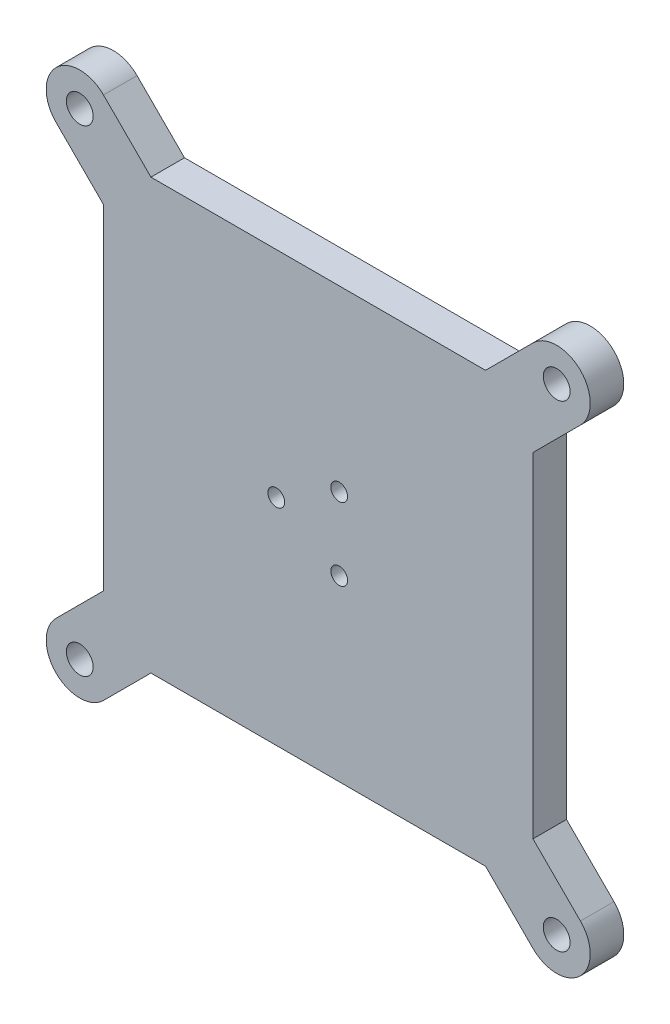
from build123d import *

# Parameters (mm, degrees)
SKETCH1_R           = 1.25
SKETCH1_R_2         = 2
BOSS_EXTRUDE1_DEPTH = 5
SKETCH2_R           = 2.25
CUT_EXTRUDE1_DEPTH  = 1.5


with BuildPart() as part:
    # Sketch1 → Boss-Extrude1 (new body)
    with BuildSketch(Plane.XY):
        with BuildLine():
            Line((-32, -24.928932188), (-39.071067812, -32))
            ThreePointArc((-39.071067812, -32), (-39.071067812, -39.071067812), (-32, -39.071067812))
            Line((-32, -39.071067812), (-24.928932188, -32))
            Line((-24.928932188, -32), (24.928932188, -32))
            Line((24.928932188, -32), (32, -39.071067812))
            ThreePointArc((32, -39.071067812), (39.071067812, -39.071067812), (39.071067812, -32))
            Line((39.071067812, -32), (32, -24.928932188))
            Line((32, -24.928932188), (32, 24.928932188))
            Line((32, 24.928932188), (39.071067812, 32))
            ThreePointArc((39.071067812, 32), (39.071067812, 39.071067812), (32, 39.071067812))
            Line((32, 39.071067812), (24.928932188, 32))
            Line((24.928932188, 32), (-24.928932188, 32))
            Line((-24.928932188, 32), (-32, 39.071067812))
            ThreePointArc((-32, 39.071067812), (-39.071067812, 39.071067812), (-39.071067812, 32))
            Line((-39.071067812, 32), (-32, 24.928932188))
            Line((-32, 24.928932188), (-32, -24.928932188))
        make_face()
        with Locations((3.125, -5.412658774)):
            Circle(SKETCH1_R, mode=Mode.SUBTRACT)
        with Locations((-6.25, 0)):
            Circle(SKETCH1_R, mode=Mode.SUBTRACT)
        with Locations((3.125, 5.412658774)):
            Circle(SKETCH1_R, mode=Mode.SUBTRACT)
        with Locations((-35.535533906, -35.535533906)):
            Circle(SKETCH1_R_2, mode=Mode.SUBTRACT)
        with Locations((35.535533906, -35.535533906)):
            Circle(SKETCH1_R_2, mode=Mode.SUBTRACT)
        with Locations((35.535533906, 35.535533906)):
            Circle(SKETCH1_R_2, mode=Mode.SUBTRACT)
        with Locations((-35.535533906, 35.535533906)):
            Circle(SKETCH1_R_2, mode=Mode.SUBTRACT)
    extrude(amount=BOSS_EXTRUDE1_DEPTH)

    # Sketch2 → Cut-Extrude1 (cut)
    with BuildSketch(Plane(origin=(0, 0, 0), x_dir=(-1, 0, 0), z_dir=(0, 0, -1))):
        with Locations((-3.125, 5.412658774)):
            Circle(SKETCH2_R)
        with Locations((-3.125, -5.412658774)):
            Circle(SKETCH2_R)
        with Locations((6.25, 0)):
            Circle(SKETCH2_R)
    extrude(amount=-CUT_EXTRUDE1_DEPTH, mode=Mode.SUBTRACT)


solid = part.part
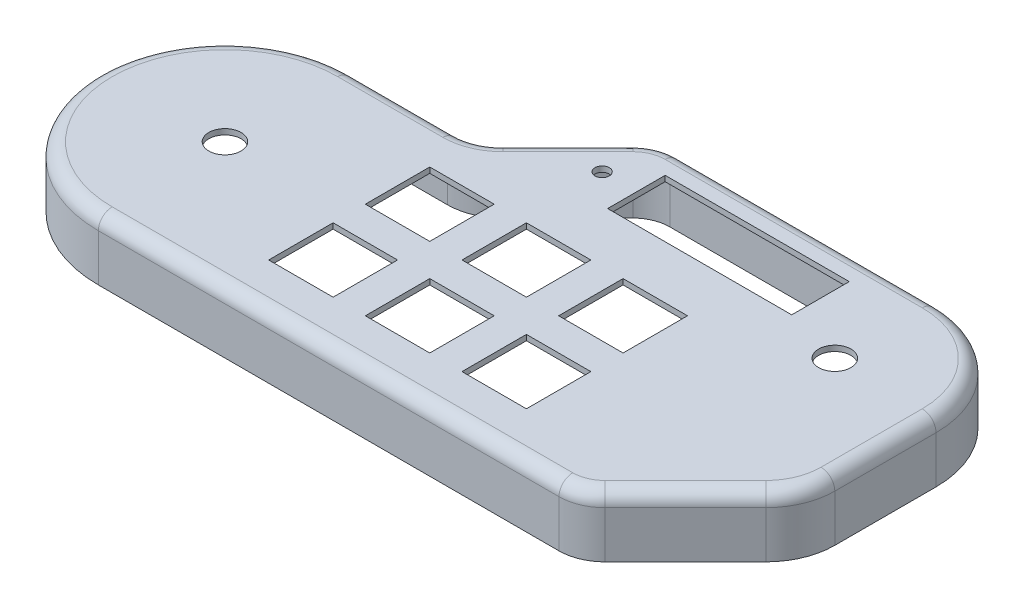
from build123d import *

# Parameters (mm, degrees)
SKETCH1_R           = 3.5
SKETCH1_W           = 14
SKETCH1_H           = 14
BOSS_EXTRUDE1_DEPTH = 1.2
FILLET1_R           = 10
BOSS_EXTRUDE2_DEPTH = 12
FILLET2_R           = 3
FILLET3_R           = 1
SKETCH4_R           = 1.5625
SKETCH4_W           = 40
SKETCH4_H           = 12.5
CUT_EXTRUDE1_DEPTH  = 171.515153338


with BuildPart() as part:
    # Sketch1 → Boss-Extrude1 (new body)
    with BuildSketch(Plane(origin=(0, 0, 0), x_dir=(1, 0, 0), z_dir=(0, 1, 0))):
        with BuildLine():
            Line((-125.065322034, 55), (-98.065322034, 55))
            Line((-98.065322034, 55), (-78.065322034, 75))
            Line((-78.065322034, 75), (-18.065322034, 75))
            ThreePointArc((-18.065322034, 75), (-2.508972848, 68.556349186), (3.934677966, 53))
            Line((3.934677966, 53), (3.934677966, 31))
            ThreePointArc((3.934677966, 31), (2.792870954, 25.259748515), (-0.458720316, 20.393398282))
            Line((-0.458720316, 20.393398282), (-20.852118598, 0))
            Line((-20.852118598, 0), (-25.734830863, 0))
            Line((-25.734830863, 0), (-125.065322034, 0))
            ThreePointArc((-125.065322034, 0), (-152.565322034, 27.5), (-125.065322034, 55))
        make_face()
        with Locations(Location((-125.065322034, 27.5, 0), (0, 0, 270))):
            Circle(SKETCH1_R, mode=Mode.SUBTRACT)
        with Locations(Location((-18.065322034, 53, 0), (0, 0, 270))):
            Circle(SKETCH1_R, mode=Mode.SUBTRACT)
        with Locations((-70.065322034, 17)):
            Rectangle(SKETCH1_W, SKETCH1_H, mode=Mode.SUBTRACT)
        with Locations((-91.065322034, 17)):
            Rectangle(SKETCH1_W, SKETCH1_H, mode=Mode.SUBTRACT)
        with Locations((-49.065322034, 17)):
            Rectangle(SKETCH1_W, SKETCH1_H, mode=Mode.SUBTRACT)
        with Locations((-70.065322034, 38)):
            Rectangle(SKETCH1_W, SKETCH1_H, mode=Mode.SUBTRACT)
        with Locations((-49.065322034, 38)):
            Rectangle(SKETCH1_W, SKETCH1_H, mode=Mode.SUBTRACT)
        with Locations((-91.065322034, 38)):
            Rectangle(SKETCH1_W, SKETCH1_H, mode=Mode.SUBTRACT)
    extrude(amount=BOSS_EXTRUDE1_DEPTH)

    # Fillet1
    fillet1_edges = [part.edges().sort_by_distance(p)[0] for p in [
        (-98.065322034, 0.6, -55),
        (-78.065322034, 0.6, -75),
        (-20.852118598, 0.6, 0),
    ]]
    fillet(fillet1_edges, radius=FILLET1_R)

    # Sketch3 → Boss-Extrude2 (add)
    with BuildSketch(Plane.XZ):
        with BuildLine():
            Line((-0.458720316, -20.393398282), (-17.92318641, -2.928932188))
            ThreePointArc((-17.92318641, -2.928932188), (-21.167419898, -0.761204675), (-24.994254222, 0))
            Line((-24.994254222, 0), (-125.065322034, 0))
            ThreePointArc((-125.065322034, 0), (-152.565322034, -27.5), (-125.065322034, -55))
            Line((-125.065322034, -55), (-102.207457658, -55))
            ThreePointArc((-102.207457658, -55), (-98.380623334, -55.761204675), (-95.136389846, -57.928932188))
            Line((-95.136389846, -57.928932188), (-80.994254222, -72.071067812))
            ThreePointArc((-80.994254222, -72.071067812), (-77.750020734, -74.238795325), (-73.92318641, -75))
            Line((-73.92318641, -75), (-18.065322034, -75))
            ThreePointArc((-18.065322034, -75), (-2.508972848, -68.556349186), (3.934677966, -53))
            Line((3.934677966, -53), (3.934677966, -31))
            ThreePointArc((3.934677966, -31), (2.792870954, -25.259748515), (-0.458720316, -20.393398282))
        make_face()
        with BuildLine():
            Line((-1.872933878, -21.807611845), (-19.337399973, -4.343145751))
            ThreePointArc((-19.337399973, -4.343145751), (-21.932786763, -2.60896374), (-24.994254222, -2))
            Line((-24.994254222, -2), (-125.065322034, -2))
            ThreePointArc((-125.065322034, -2), (-150.565322034, -27.5), (-125.065322034, -53))
            Line((-125.065322034, -53), (-102.207457658, -53))
            ThreePointArc((-102.207457658, -53), (-97.615256469, -53.91344561), (-93.722176283, -56.514718626))
            Line((-93.722176283, -56.514718626), (-79.58004066, -70.656854249))
            ThreePointArc((-79.58004066, -70.656854249), (-76.984653869, -72.39103626), (-73.92318641, -73))
            Line((-73.92318641, -73), (-18.065322034, -73))
            ThreePointArc((-18.065322034, -73), (-3.92318641, -67.142135624), (1.934677966, -53))
            Line((1.934677966, -53), (1.934677966, -31))
            ThreePointArc((1.934677966, -31), (0.945111889, -26.025115379), (-1.872933878, -21.807611845))
        make_face(mode=Mode.SUBTRACT)
    extrude(amount=BOSS_EXTRUDE2_DEPTH)

    # Fillet2
    fillet2_edges = [part.edges().sort_by_distance(p)[0] for p in [
        (-9.190953363, 1.2, -11.661165235),
        (-88.065322034, 1.2, -65),
        (-113.636389846, 1.2, -55),
        (-77.750020734, 1.2, -74.238795325),
        (-21.167419898, 1.2, -0.761204675),
        (-98.380623334, 1.2, -55.761204675),
        (2.792870954, 1.2, -25.259748515),
        (3.934677966, 1.2, -42),
        (-2.508972848, 1.2, -68.556349186),
        (-45.994254222, 1.2, -75),
        (-152.565322034, 1.2, -27.5),
        (-75.029788128, 1.2, 0),
    ]]
    fillet(fillet2_edges, radius=FILLET2_R)

    # Fillet3
    fillet3_edges = [part.edges().sort_by_distance(p)[0] for p in [
        (-97.615256469, 0, -53.91344561),
        (0.945111889, 0, -26.025115379),
        (-10.605166926, 0, -13.075378798),
        (-21.932786763, 0, -2.60896374),
        (-75.029788128, 0, -2),
        (-150.565322034, 0, -27.5),
        (-113.636389846, 0, -53),
        (-86.651108472, 0, -63.585786438),
        (-76.984653869, 0, -72.39103626),
        (-45.994254222, 0, -73),
        (-3.92318641, 0, -67.142135624),
        (1.934677966, 0, -42),
    ]]
    fillet(fillet3_edges, radius=FILLET3_R)

    # Sketch4 → Cut-Extrude1 (cut, through all)
    with BuildSketch(Plane(origin=(0, 1.2, 0), x_dir=(1, 0, 0), z_dir=(0, 1, 0))):
        with Locations(Location((-78.43359405, 62.814339828, 0), (0, 0, 270))):
            Circle(SKETCH4_R)
        with Locations((-50.92318641, 62.75)):
            Rectangle(SKETCH4_W, SKETCH4_H)
    extrude(amount=-CUT_EXTRUDE1_DEPTH, mode=Mode.SUBTRACT)


solid = part.part
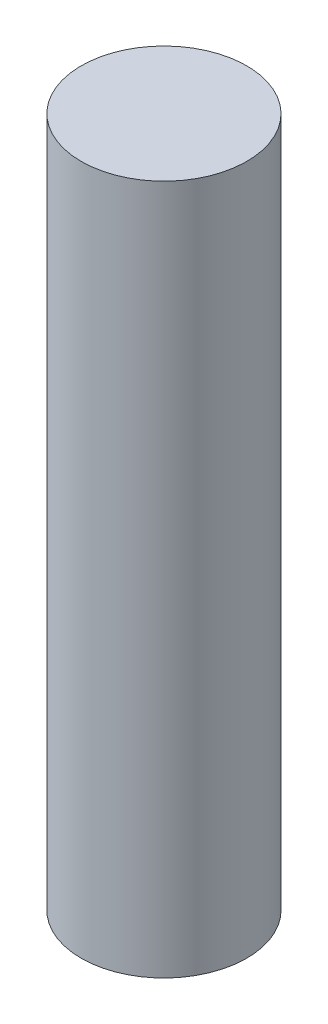
from build123d import *

# Parameters (mm, degrees)
SKETCH1_R           = 12
BOSS_EXTRUDE1_DEPTH = 100


with BuildPart() as part:
    # Sketch1 → Boss-Extrude1 (new body)
    with BuildSketch(Plane(origin=(0, 0, 0), x_dir=(1, 0, 0), z_dir=(0, 1, 0))):
        with Locations(Location((0, 0, 0), (0, 0, 270))):
            Circle(SKETCH1_R)
    extrude(amount=BOSS_EXTRUDE1_DEPTH)


solid = part.part
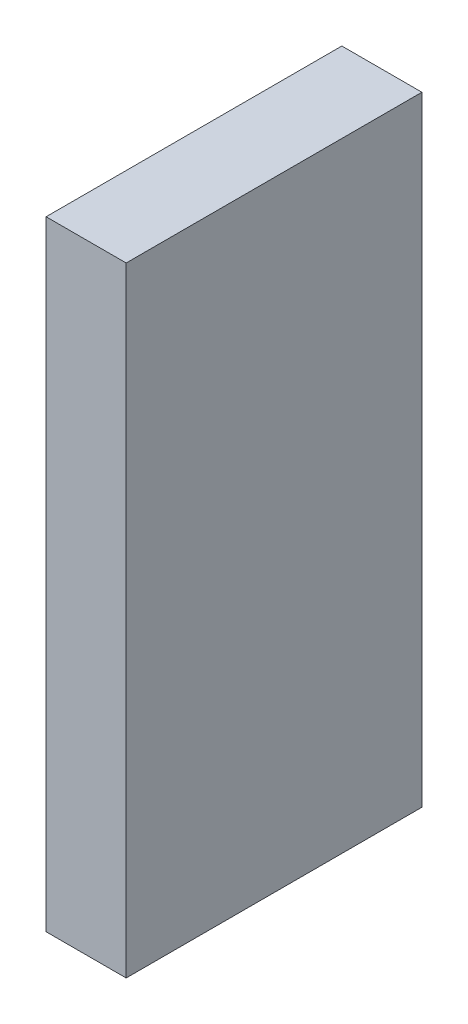
from build123d import *

# Parameters (mm, degrees)
CROQUIS1_W              = 55.4
CROQUIS1_H              = 116
SALIENTE_EXTRUIR1_DEPTH = 15


with BuildPart() as part:
    # Croquis1 → Saliente-Extruir1 (new body)
    with BuildSketch(Plane(origin=(0, 0, 0), x_dir=(0, 0, -1), z_dir=(1, 0, 0))):
        with Locations((27.7, 58)):
            Rectangle(CROQUIS1_W, CROQUIS1_H)
    extrude(amount=SALIENTE_EXTRUIR1_DEPTH)


solid = part.part
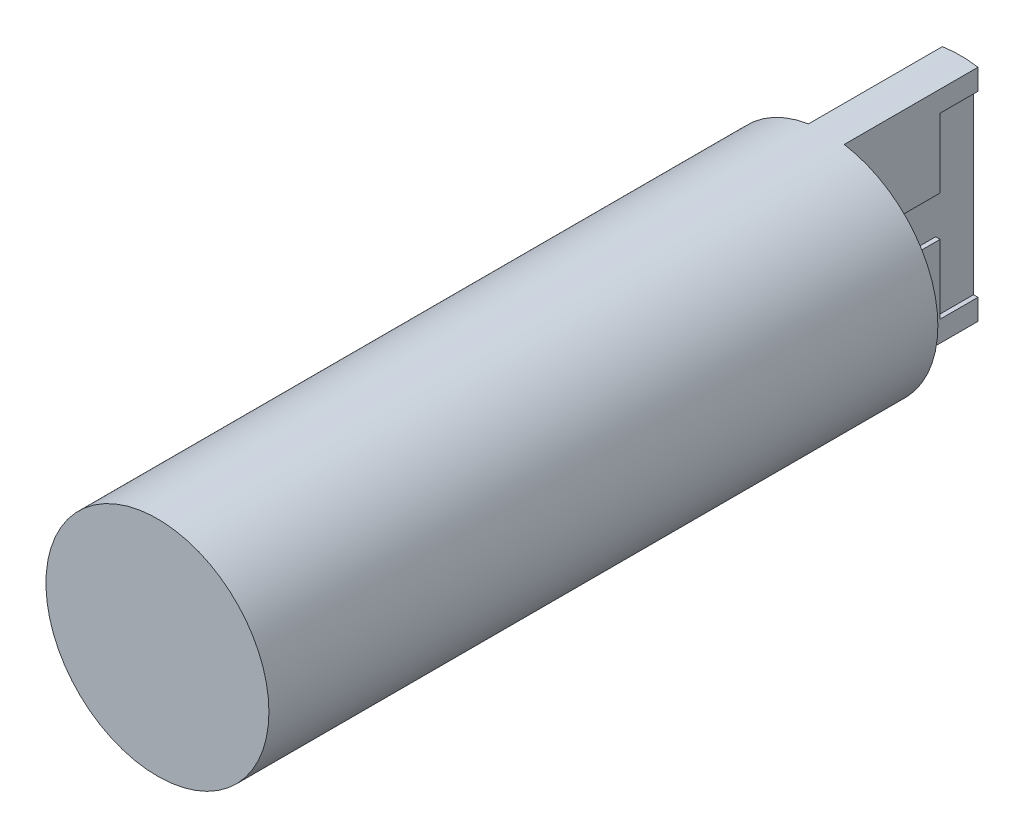
from build123d import *

# Parameters (mm, degrees)
ESQUISSE1_R             = 25
BOSS_EXTRU_1_DEPTH      = 150
BOSS_EXTRU_2_START      = 30
BOSS_EXTRU_2_DEPTH      = 30
ESQUISSE3_R             = 4
BOSS_EXTRU_3_DEPTH      = 9
BOSS_EXTRU_3_TAPER      = 1
ENL_V_MAT_EXTRU_1_DEPTH = 1


with BuildPart() as part:
    # Esquisse1 → Boss.-Extru.1 (new body)
    with BuildSketch(Plane.XY):
        Circle(ESQUISSE1_R)
    extrude(amount=BOSS_EXTRU_1_DEPTH)

    # Esquisse2 → Boss.-Extru.2 (add)
    with BuildSketch(Plane(origin=(0, 0, 0), x_dir=(-1, 0, 0), z_dir=(0, 0, -1)).offset(BOSS_EXTRU_2_START)):
        with BuildLine():
            Line((-4, -24.677925359), (-4, 24.677925359))
            ThreePointArc((-4, 24.677925359), (0, 25), (4, 24.677925359))
            Line((4, 24.677925359), (4, -24.677925359))
            ThreePointArc((4, -24.677925359), (0, -25), (-4, -24.677925359))
        make_face()
    extrude(amount=-BOSS_EXTRU_2_DEPTH)

    # Esquisse3 → Boss.-Extru.3 (add)
    with BuildSketch(Plane.ZY.offset(4)):
        with Locations((-26, 0)):
            Circle(ESQUISSE3_R)
    extrude(amount=BOSS_EXTRU_3_DEPTH, taper=BOSS_EXTRU_3_TAPER)

    # Esquisse4 → Enlèv. mat.-Extru.1 (cut)
    with BuildSketch(Plane(origin=(4, 0, 0), x_dir=(0, 0, -1), z_dir=(1, 0, 0))):
        Polygon((21.5, 4.5), (21.5, 20), (30.5, 20), (30.5, 4.5), (30, 4.5), (30, -4.5), (30.5, -4.5), (30.5, -20), (21.5, -20), (21.5, -4.5), (6, -4.5), (6, 4.5), align=None)
    extrude(amount=-ENL_V_MAT_EXTRU_1_DEPTH, mode=Mode.SUBTRACT)


solid = part.part

- **TASK DESCRIPTION**:
Show every line in the entries where the string "radius" occurs.

- **THE COMPLETED TASK**:
    fillet(fillet1_edges, radius=FILLET1_R)
    fillet(fillet2_edges, radius=FILLET2_R)
    fillet(fillet3_edges, radius=FILLET3_R)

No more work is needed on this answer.